- [WHAT THIS TASK INVOLVES]: Return, from the listing that follows, each line containing the word "Panel".

- [DATA LISTING]:
******************************

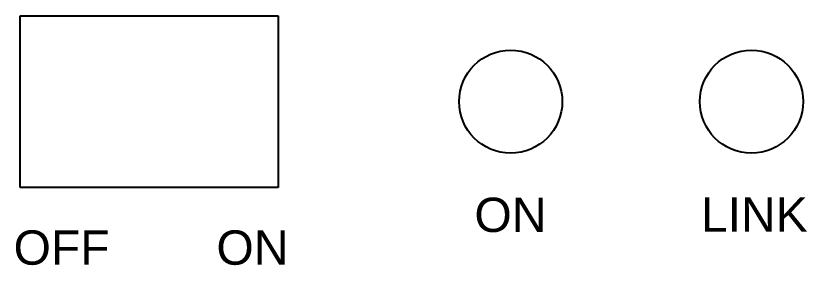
# Model space of a CAD drawing. Header units: inches. Extents: x -1 to 66.5, y -11.9 to 25.2.
# Drawn here: x 46.536 to 48.837, y 8.235 to 8.962 of the extents above; entities that cross this region are included whole.
import ezdxf

# ---------------------------------------------------------------- set-up
doc = ezdxf.new("R2010")
doc.units = ezdxf.units.IN
doc.header["$MEASUREMENT"] = 0
doc.layers.add('Panel', color=1, linetype='Continuous')
doc.layers.add('Text', color=50, linetype='Continuous')
doc.styles.get("Standard").update_dxf_attribs({"font": 'arial.ttf'})

msp = doc.modelspace()

# ---------------------------------------------------------------- linework, layer by layer
at = {"layer": 'Panel'}
for p, q in [((46.5493, 8.4618), (46.5493, 8.9618)), ((46.5493, 8.9618), (47.2993, 8.9618)), ((47.2993, 8.9618), (47.2993, 8.4618)), ((47.2993, 8.4618), (46.5493, 8.4618))]:
    msp.add_line(p, q, dxfattribs=at)
for centre in [(47.975, 8.7118), (48.675, 8.7118)]:
    msp.add_circle(centre, 0.15, dxfattribs=at)

# ---------------------------------------------------------------- texts
at = {"layer": 'Text'}
for s, p in [('ON', (47.8696, 8.332)), ('LINK', (48.528, 8.3328)), ('OFF        ON', (46.5298, 8.2367))]:
    msp.add_text(s, height=0.1, dxfattribs=at).set_placement(p)

doc.saveas('drawing.dxf')
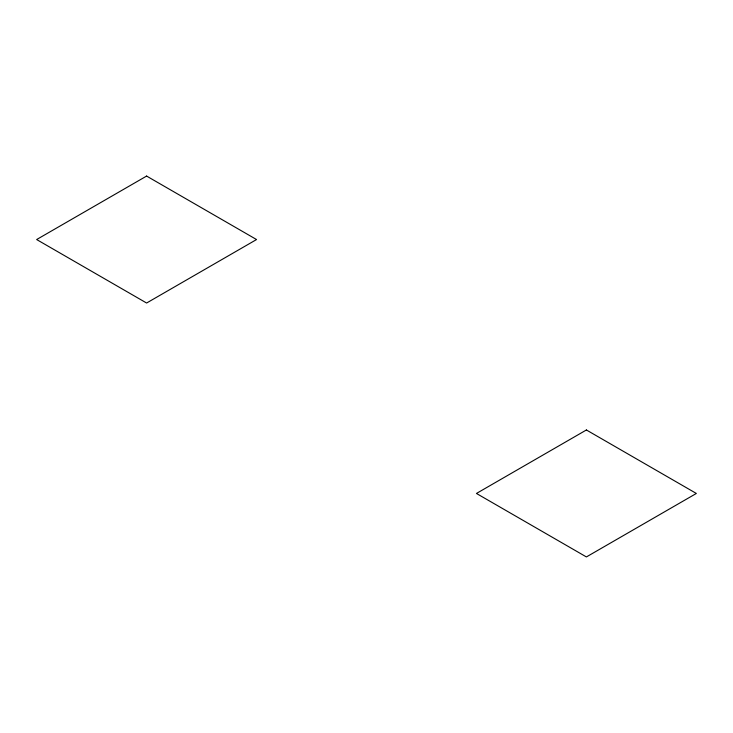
<?xml version="1.0" encoding="UTF-8"?>
<svg xmlns="http://www.w3.org/2000/svg" width="733" height="733" viewBox="0 0 733 733"><rect width="100%" height="100%" fill="white"/><g stroke="black" fill="none" stroke-linecap="round" stroke-linejoin="round"><path stroke-width="1.1" d="M146.6 176.067L36.65 239.544L146.6 303.022L256.55 239.544L146.6 176.067M586.4 429.978L476.45 493.456L586.4 556.933L696.35 493.456L586.4 429.978"/></g></svg>

******************************

- [SOLUTION FOR THIS PROBLEM]:
doc.layers.add('Panel', color=1, linetype='Continuous')
at = {"layer": 'Panel'}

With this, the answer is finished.